**GOAL OF THE EXERCISE**. Among the lines below, keep only those from the one containing "Target Positions : Inport" through the one containing "Control Sum : Sum", and reproduce them exactly.

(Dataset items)
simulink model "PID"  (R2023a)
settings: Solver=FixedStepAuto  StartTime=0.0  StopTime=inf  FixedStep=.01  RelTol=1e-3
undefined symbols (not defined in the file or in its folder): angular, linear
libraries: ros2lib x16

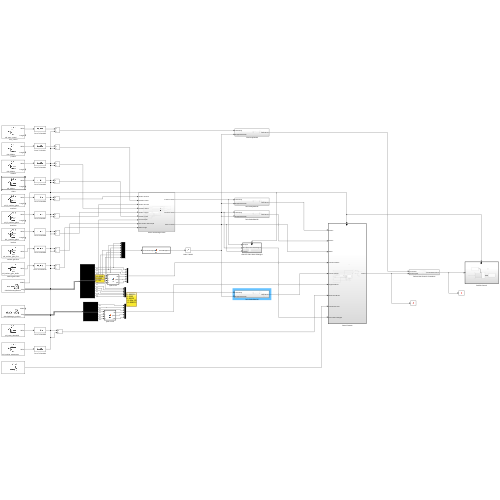
[thumbnail: Simulink's stored preview of the top-level diagram]
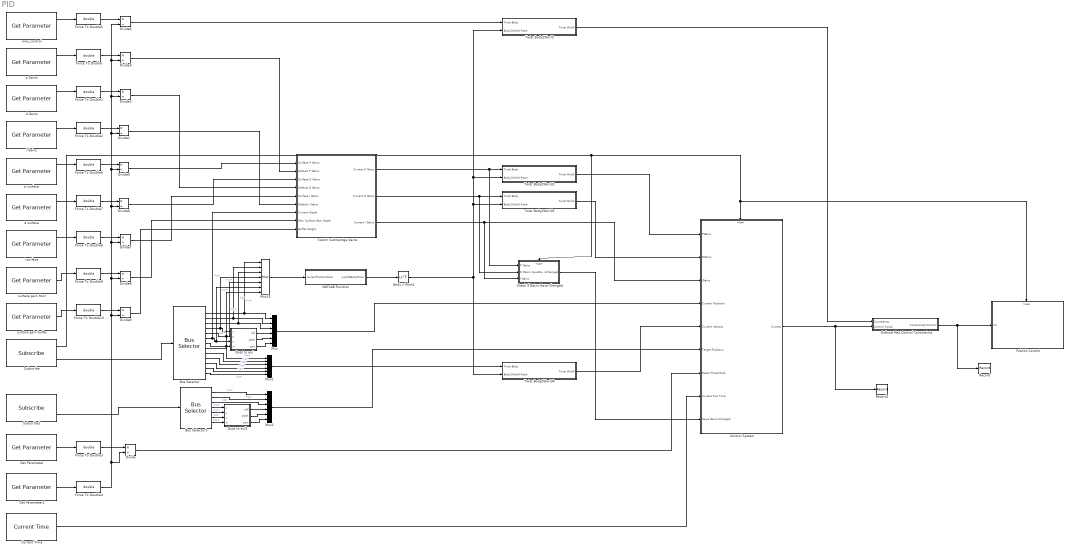
== system PID ==
  Body 2 World : Math  Operator=transpose
  Bus Selector : BusSelector  OutputSignals=pose.pose.position.x,pose.pose.position.y,pose.pose.position.z,pose.pose.orientation.x,pose.pose.orientation.y,pose.pose.orientation.z,pose.pose.orientation.w,twist.twist.linear.x,twist.twist.linear.y,twist.twist.linear.z,twist.twist.angular.x,twist.twist.angular.y,twist.twist.angular.z
  Bus Selector1 : BusSelector  OutputSignals=position.x,position.y,position.z,orientation.x,orientation.y,orientation.z,orientation.w
  Check if Gains Have Changed : Subsystem
  Control System : Subsystem
  Current Time : ros2lib/Current Time  OutputFormat=double  SampleTime=-1  ModelName=PID
  Divide{,1..9} (10 alike) : Product  Inputs=*/
  Enforce Max Control Constraints : Subsystem
  Force To Double{,1..10} (11 alike) : DataTypeConversion  OutDataTypeStr=double  SaturateOnIntegerOverflow=off  RndMeth=Floor
  Get Parameter : ros2lib/Get Parameter  ParameterName=pid_reset_threshold  ParameterType=int64  ParameterMaxArrayLength=16  ParameterInitialValue=100000  SampleTime=-1  ModelName=PID  BlockId=ParamGet_PID_43
  Get Parameter1 : ros2lib/Get Parameter  ParameterName=pid_scaling_parameters  ParameterType=int64  ParameterMaxArrayLength=16  ParameterInitialValue=1000000  SampleTime=-1  ModelName=PID  BlockId=ParamGet_PID_44
  MATLAB Function : MATLAB Function  TreatAsAtomicUnit=on
  Mux : Mux  Inputs=6
  Mux1 : Mux  Inputs=6
  Mux15 : Mux  Inputs=7
  Mux2 : Mux  Inputs=6
  Publish Control : Subsystem
  Quat to eul : MATLAB Function  TreatAsAtomicUnit=on
  Quat to eul1 : MATLAB Function  TreatAsAtomicUnit=on
  Record : Record  FileSettingsInternal="{\"entries\":[{\"content\":{\"excelSettings\":{\"content\":{},\"type\":\"Streamout.ExcelSettings\"}},\"type\":\"Streamout.FileSettingStorage\",\"uuid\":\"\"}],\"packageUris\":[\"http:\\/\\/schema.mathworks.com\\/mf0\\/streamout_blocks\\/R2020a\"],\"version\":\"1.0\"}"  Layout=[1 1]  SignalsInternal="{\"entries\":[{\"content\":{\"signals\":[{\"content\":{\"blockPath\":[],\"dimensions\":[1,6],\"domain\":\"\",\"hasChildren\":true,\"lineColor\":\"#0072bd\",\"port\":1,\"sid\":[\"\"],\"signalID\":55033,\"signalName\":\"Enforce Max Control Constraints\"},\"type\":\"RecordBlkView.Signal\",\"uuid\":\"\"},{\"content\":{\"blockPath\":[],\"channel\":[1,1],\"dimensions\":[1,6],\"domain\":\"\",\"lineColor\":\"#d95319\",\"parentID\":55033,\"port\":1,\"sid\":[\"\"],\"signal ...(+1475 chars)"  VisualizationBindings="{\"sparklinesplugin\":{\"info\":[{\"bindingParametersList\":[],\"subplotID\":1}]}}"
  Record1 : Record  FileSettingsInternal="{\"entries\":[{\"content\":{\"excelSettings\":{\"content\":{},\"type\":\"Streamout.ExcelSettings\"}},\"type\":\"Streamout.FileSettingStorage\",\"uuid\":\"\"}],\"packageUris\":[\"http:\\/\\/schema.mathworks.com\\/mf0\\/streamout_blocks\\/R2020a\"],\"version\":\"1.0\"}"  Layout=[1 1]  SignalsInternal="{\"entries\":[{\"content\":{\"signals\":[{\"content\":{\"blockPath\":[],\"dimensions\":[1,6],\"domain\":\"\",\"hasChildren\":true,\"lineColor\":\"#edb120\",\"port\":1,\"sid\":[\"\"],\"signalID\":55038,\"signalName\":\"Control System\"},\"type\":\"RecordBlkView.Signal\",\"uuid\":\"\"},{\"content\":{\"blockPath\":[],\"channel\":[1,1],\"dimensions\":[1,6],\"domain\":\"\",\"lineColor\":\"#64d413\",\"parentID\":55038,\"plots\":[1],\"port\":1,\"sid\":[\"\"],\"signalID\":5 ...(+1356 chars)"  VisualizationBindings="{\"sparklinesplugin\":{\"info\":[{\"bindingParametersList\":[],\"subplotID\":1}]}}"
  Subscribe : ros2lib/Subscribe  topicSource=Specify your own  topic=/talos/odometry/filtered  messageType=nav_msgs/Odometry  sampleTime=-1  QOSHistory=Keep last  QOSDepth=1  QOSReliability=Reliable  QOSDurability=Volatile
  Subscribe1 : ros2lib/Subscribe  topicSource=Specify your own  topic=/talos/pid/target_position  messageType=geometry_msgs/Pose  sampleTime=-1  QOSHistory=Keep last  QOSDepth=1  QOSReliability=Reliable  QOSDurability=Volatile
  Switch Submerdge Gains : Subsystem
  Twist Body2World : Subsystem
  Twist Body2World1 : Subsystem
  Twist Body2World2 : Subsystem
  Twist Body2World4 : Subsystem
  d Gains : ros2lib/Get Parameter  ParameterName=pid_DGains  ParameterType=int64[]  ParameterMaxArrayLength=6  ParameterInitialValue=[0,0,0,0,0,0]  SampleTime=-1  ModelName=PID  BlockId=ParamGet_PID_47
  d surface : ros2lib/Get Parameter  ParameterName=pid_D_surface_gains  ParameterType=int64[]  ParameterMaxArrayLength=6  ParameterInitialValue=[0,0,0,0,0,0]  SampleTime=-1  ModelName=PID  BlockId=ParamGet_PID_233
  i Gains : ros2lib/Get Parameter  ParameterName=pid_IGains  ParameterType=int64[]  ParameterMaxArrayLength=6  ParameterInitialValue=[0,0,0,0,0,0]  SampleTime=-1  ModelName=PID  BlockId=ParamGet_PID_46
  i surface : ros2lib/Get Parameter  ParameterName=pid_I_surface_gains  ParameterType=int64[]  ParameterMaxArrayLength=6  ParameterInitialValue=[0,0,0,0,0,0]  SampleTime=-1  ModelName=PID  BlockId=ParamGet_PID_234
  max_control : ros2lib/Get Parameter  ParameterName=pid_max_control  ParameterType=int64[]  ParameterMaxArrayLength=6  ParameterInitialValue=[0,0,0,0,0,0]  SampleTime=-1  ModelName=PID  BlockId=ParamGet_PID_123
  p Gains : ros2lib/Get Parameter  ParameterName=pid_PGains  ParameterType=int64[]  ParameterMaxArrayLength=6  ParameterInitialValue=[0,0,0,0,0,0]  SampleTime=-1  ModelName=PID  BlockId=ParamGet_PID_48
  p surface : ros2lib/Get Parameter  ParameterName=pid_P_surface_gains  ParameterType=int64[]  ParameterMaxArrayLength=6  ParameterInitialValue=[0,0,0,0,0,0]  SampleTime=-1  ModelName=PID  BlockId=ParamGet_PID_235
  surface gain buffer : ros2lib/Get Parameter  ParameterName=pid_surface_gain_buffer  ParameterType=int64  ParameterMaxArrayLength=6  ParameterInitialValue=250000  SampleTime=-1  ModelName=PID  BlockId=ParamGet_PID_239
  surface gain floor : ros2lib/Get Parameter  ParameterName=pid_surface_gain_floor  ParameterType=int64  ParameterMaxArrayLength=6  ParameterInitialValue=-750000  SampleTime=-1  ModelName=PID  BlockId=ParamGet_PID_240
  wires:
  Subscribe/2 -> Bus Selector/1
  Bus Selector/4 -> Mux15/4, Quat to eul/1(x)  "<x>"
  Bus Selector/5 -> Mux15/5, Quat to eul/2(y)  "<y>"
  Bus Selector/6 -> Switch Submerdge Gains/7(Current Depth), Mux15/6, Quat to eul/3(z)  "<z>"
  Bus Selector/7 -> Mux15/7, Quat to eul/4(w)  "<w>"
  Quat to eul/3(yaw) -> Mux/6
  Quat to eul/2(pitch) -> Mux/5
  Quat to eul/1(roll) -> Mux/4
  Bus Selector/1 -> Mux15/1, Mux/1  "<x>"
  Bus Selector/2 -> Mux15/2, Mux/2  "<y>"
  Bus Selector/3 -> Mux15/3, Mux/3  "<z>"
  Bus Selector/9 -> Mux1/2  "<y>"
  Bus Selector/8 -> Mux1/1  "<x>"
  Bus Selector/10 -> Mux1/3  "<z>"
  Bus Selector/11 -> Mux1/4  "<x>"
  Bus Selector/12 -> Mux1/5  "<y>"
  Bus Selector/13 -> Mux1/6  "<z>"
  Mux/1 -> Control System/4(Current Positions)
  Subscribe1/2 -> Bus Selector1/1
  Quat to eul1/1(roll) -> Mux2/4
  Quat to eul1/3(yaw) -> Mux2/6
  Quat to eul1/2(pitch) -> Mux2/5
  Get Parameter/1 -> Force To Double3/1
  Get Parameter1/1 -> Force To Double4/1
  Divide/1 -> Control System/7(Reset Threshhold)
  i Gains/1 -> Force To Double2/1
  d Gains/1 -> Force To Double1/1
  p Gains/1 -> Force To Double/1
  Force To Double3/1 -> Divide/1
  Mux2/1 -> Control System/6(Target Positions)
  Bus Selector1/1 -> Mux2/1  "<x>"
  Bus Selector1/2 -> Mux2/2  "<y>"
  Bus Selector1/4 -> Quat to eul1/1(x)  "<x>"
  Bus Selector1/5 -> Quat to eul1/2(y)  "<y>"
  Bus Selector1/6 -> Quat to eul1/3(z)  "<z>"
  Bus Selector1/7 -> Quat to eul1/4(w)  "<w>"
  Bus Selector1/3 -> Mux2/3  "<z>"
  Force To Double2/1 -> Divide1/1
  Force To Double1/1 -> Divide2/1
  Force To Double/1 -> Divide3/1
  Subscribe/1 -> Check if Gains Have Changed/Trigger, Publish Control/Trigger, Control System/Trigger
  MATLAB Function/1(world2BodyRotm) -> Body 2 World/1
  Twist Body2World4/1(Twist World) -> Control System/5(Current Velocity)
  Body 2 World/1 -> Twist Body2World4/2(Body2World Rotm), Twist Body2World2/2(Body2World Rotm), Twist Body2World/2(Body2World Rotm), Twist Body2World1/2(Body2World Rotm)
  Mux15/1 -> MATLAB Function/1(currentPositionQuat)
  max_control/1 -> Force To Double5/1
  Force To Double5/1 -> Divide4/1
  Divide4/1 -> Twist Body2World/1(Twist Body)
  Switch Submerdge Gains/3(Current I Gains) -> Check if Gains Have Changed/3(I Gains), Control System/3(IGains)
  Twist Body2World2/1(Twist World) -> Control System/2(DGains)
  Twist Body2World1/1(Twist World) -> Control System/1(PGains)
  Mux1/1 -> Twist Body2World4/1(Twist Body)
  Twist Body2World/1(Twist World) -> Enforce Max Control Constraints/1(Constraints)
  Control System/1(Control) -> Record1/1, Enforce Max Control Constraints/2(Control Inputs)
  Enforce Max Control Constraints/1(Constrained Control) -> Record/1, Publish Control/1(In1)
  Divide3/1 -> Switch Submerdge Gains/2(Default P Gains)
  Divide2/1 -> Switch Submerdge Gains/4(Default D Gains)
  Divide1/1 -> Switch Submerdge Gains/6(Default I Gains)
  d surface/1 -> Force To Double7/1
  p surface/1 -> Force To Double6/1
  i surface/1 -> Force To Double8/1
  Force To Double8/1 -> Divide7/1
  Force To Double7/1 -> Divide6/1
  Force To Double6/1 -> Divide5/1
  Divide5/1 -> Switch Submerdge Gains/1(Surface P Gains)
  Divide6/1 -> Switch Submerdge Gains/3(Surface D Gains)
  Divide7/1 -> Switch Submerdge Gains/5(Surface I Gains)
  surface gain floor/1 -> Force To Double9/1
  surface gain buffer/1 -> Force To Double10/1
  Force To Double10/1 -> Divide9/1
  Force To Double9/1 -> Divide8/1
  Divide8/1 -> Switch Submerdge Gains/8(Max Surface Gain Depth)
  Divide9/1 -> Switch Submerdge Gains/9(Buffer Height)
  Force To Double4/1 -> Divide/2, Divide9/2, Divide8/2, Divide7/2, Divide6/2, Divide5/2, Divide2/2, Divide3/2, Divide4/2, Divide1/2
  Current Time/1 -> Control System/8(Current Ros Time)
  Switch Submerdge Gains/1(Current P Gains) -> Check if Gains Have Changed/1(P Gains), Twist Body2World1/1(Twist Body)
  Switch Submerdge Gains/2(Current D Gains) -> Check if Gains Have Changed/2(D Gains), Twist Body2World2/1(Twist Body)
  Check if Gains Have Changed/1(haveGainsChanged) -> Control System/9(Have Gains Changed)

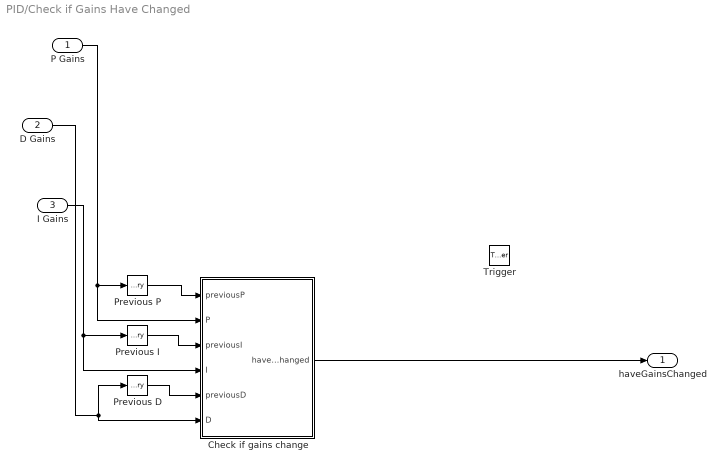
== system PID/Check if Gains Have Changed ==
  P Gains : Inport
  D Gains : Inport  Port=2
  I Gains : Inport  Port=3
  Trigger : TriggerPort  VariantControl=(inherit)  PortDimensions=1
  Check if gains change : MATLAB Function  TreatAsAtomicUnit=on
  Previous D : Memory  InheritSampleTime=on
  Previous I : Memory  InheritSampleTime=on
  Previous P : Memory  InheritSampleTime=on
  haveGainsChanged : Outport
  wires:
  I Gains/1 -> Check if gains change/4(I), Previous I/1
  Previous I/1 -> Check if gains change/3(previousI)
  Previous P/1 -> Check if gains change/1(previousP)
  P Gains/1 -> Check if gains change/2(P), Previous P/1
  Previous D/1 -> Check if gains change/5(previousD)
  D Gains/1 -> Previous D/1, Check if gains change/6(D)
  Check if gains change/1(haveGainsChanged) -> haveGainsChanged/1

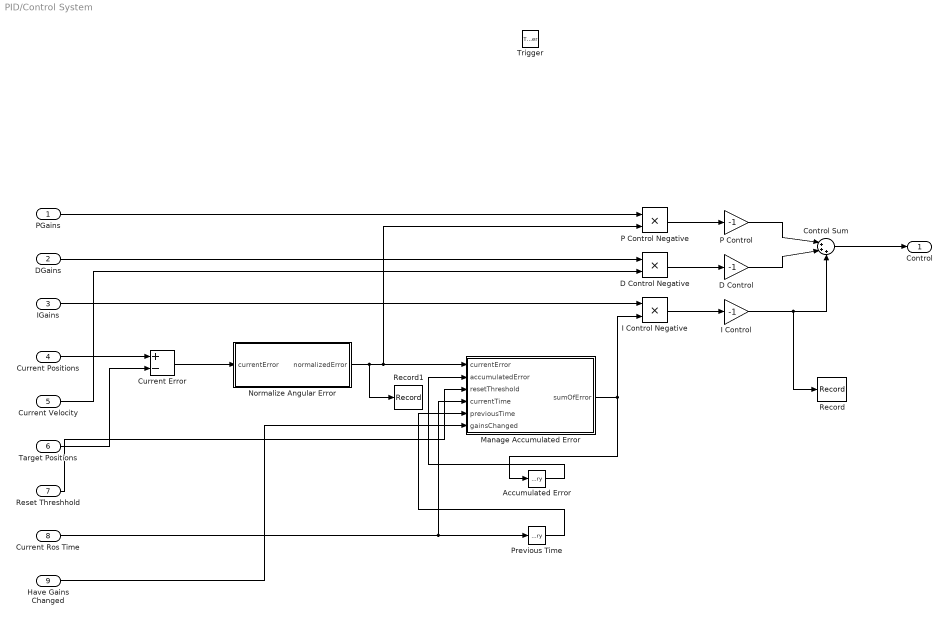
== system PID/Control System ==
  PGains : Inport
  DGains : Inport  Port=2
  IGains : Inport  Port=3
  Current Positions : Inport  Port=4
  Current Velocity : Inport  Port=5
  Target Positions : Inport  Port=6
  Reset Threshhold : Inport  Port=7
  Current Ros Time : Inport  Port=8
  Have Gains Changed : Inport  Port=9
  Trigger : TriggerPort  VariantControl=(inherit)  PortDimensions=1
  Accumulated Error : Memory  InheritSampleTime=on
  Control Sum : Sum  Inputs=|+++
  Current Error : Sum  Inputs=+-
  D Control : Gain  Gain=-1
  D Control Negative : Product
  I Control : Gain  Gain=-1
  I Control Negative : Product
  Manage Accumulated Error : MATLAB Function  TreatAsAtomicUnit=on
  Normalize Angular Error : MATLAB Function  TreatAsAtomicUnit=on
  P Control : Gain  Gain=-1
  P Control Negative : Product
  Previous Time : Memory  InitialCondition=-1  InheritSampleTime=on
  Record : Record  FileSettingsInternal="{\"entries\":[{\"content\":{\"excelSettings\":{\"content\":{},\"type\":\"Streamout.ExcelSettings\"}},\"type\":\"Streamout.FileSettingStorage\",\"uuid\":\"\"}],\"packageUris\":[\"http:\\/\\/schema.mathworks.com\\/mf0\\/streamout_blocks\\/R2020a\"],\"version\":\"1.0\"}"  Layout=[1 1]  SignalsInternal="{\"entries\":[{\"content\":{\"signals\":[{\"content\":{\"blockPath\":[],\"dimensions\":[1,6],\"domain\":\"\",\"hasChildren\":true,\"lineColor\":\"#64d413\",\"port\":1,\"sid\":[\"\"],\"signalID\":55023,\"signalName\":\"I Control\"},\"type\":\"RecordBlkView.Signal\",\"uuid\":\"\"},{\"content\":{\"blockPath\":[],\"channel\":[1,1],\"dimensions\":[1,6],\"domain\":\"\",\"lineColor\":\"#7e2f8e\",\"parentID\":55023,\"port\":1,\"sid\":[\"\"],\"signalID\":55024,\"signalName\" ...(+1297 chars)"  VisualizationBindings="{\"sparklinesplugin\":{\"info\":[{\"bindingParametersList\":[],\"subplotID\":1}]}}"
  Record1 : Record  FileSettingsInternal="{\"entries\":[{\"content\":{\"excelSettings\":{\"content\":{},\"type\":\"Streamout.ExcelSettings\"}},\"type\":\"Streamout.FileSettingStorage\",\"uuid\":\"\"}],\"packageUris\":[\"http:\\/\\/schema.mathworks.com\\/mf0\\/streamout_blocks\\/R2020a\"],\"version\":\"1.0\"}"  Layout=[1 1]  SignalsInternal="{\"entries\":[{\"content\":{\"signals\":[{\"content\":{\"blockPath\":[],\"dimensions\":[1,6],\"domain\":\"\",\"hasChildren\":true,\"lineColor\":\"#fe330a\",\"port\":1,\"sid\":[\"\"],\"signalID\":55028,\"signalName\":\"Normalize Angular Error\"},\"type\":\"RecordBlkView.Signal\",\"uuid\":\"\"},{\"content\":{\"blockPath\":[],\"channel\":[1,1],\"dimensions\":[1,6],\"domain\":\"\",\"lineColor\":\"#edb120\",\"parentID\":55028,\"port\":1,\"sid\":[\"\"],\"signalID\":5502 ...(+1419 chars)"  VisualizationBindings="{\"sparklinesplugin\":{\"info\":[{\"bindingParametersList\":[],\"subplotID\":1}]}}"
  Control : Outport
  wires:
  Reset Threshhold/1 -> Manage Accumulated Error/3(resetThreshold)
  Current Positions/1 -> Current Error/1
  I Control/1 -> Record/1, Control Sum/3
  Current Velocity/1 -> D Control Negative/2
  P Control/1 -> Control Sum/1
  D Control Negative/1 -> D Control/1
  P Control Negative/1 -> P Control/1
  Accumulated Error/1 -> Manage Accumulated Error/2(accumulatedError)
  D Control/1 -> Control Sum/2
  Manage Accumulated Error/1(sumOfError) -> I Control Negative/2, Accumulated Error/1
  I Control Negative/1 -> I Control/1
  Control Sum/1 -> Control/1
  Target Positions/1 -> Current Error/2
  Current Error/1 -> Normalize Angular Error/1(currentError)
  Normalize Angular Error/1(normalizedError) -> Record1/1, P Control Negative/2, Manage Accumulated Error/1(currentError)
  Previous Time/1 -> Manage Accumulated Error/5(previousTime)
  Current Ros Time/1 -> Manage Accumulated Error/4(currentTime), Previous Time/1
  IGains/1 -> I Control Negative/1
  PGains/1 -> P Control Negative/1
  DGains/1 -> D Control Negative/1
  Have Gains Changed/1 -> Manage Accumulated Error/6(gainsChanged)

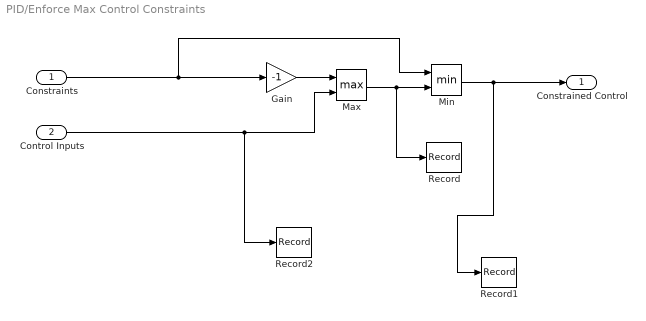
== system PID/Enforce Max Control Constraints ==
  Constraints : Inport
  Control Inputs : Inport  Port=2
  Gain : Gain  Gain=-1
  Max : MinMax  Function=max  Inputs=2
  Min : MinMax  Inputs=2
  Record : Record  FileSettingsInternal="{\"entries\":[{\"content\":{\"excelSettings\":{\"content\":{},\"type\":\"Streamout.ExcelSettings\"}},\"type\":\"Streamout.FileSettingStorage\",\"uuid\":\"\"}],\"packageUris\":[\"http:\\/\\/schema.mathworks.com\\/mf0\\/streamout_blocks\\/R2020a\"],\"version\":\"1.0\"}"  Layout=[1 1]  SignalsInternal="{\"entries\":[{\"content\":{\"signals\":[{\"content\":{\"blockPath\":[],\"dimensions\":[1,6],\"domain\":\"\",\"hasChildren\":true,\"lineColor\":\"#77ac30\",\"port\":1,\"sid\":[\"\"],\"signalID\":55043,\"signalName\":\"Max\"},\"type\":\"RecordBlkView.Signal\",\"uuid\":\"\"},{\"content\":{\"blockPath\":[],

**RESPONSE BOX**.
  Target Positions : Inport  Port=6
  Reset Threshhold : Inport  Port=7
  Current Ros Time : Inport  Port=8
  Have Gains Changed : Inport  Port=9
  Trigger : TriggerPort  VariantControl=(inherit)  PortDimensions=1
  Accumulated Error : Memory  InheritSampleTime=on
  Control Sum : Sum  Inputs=|+++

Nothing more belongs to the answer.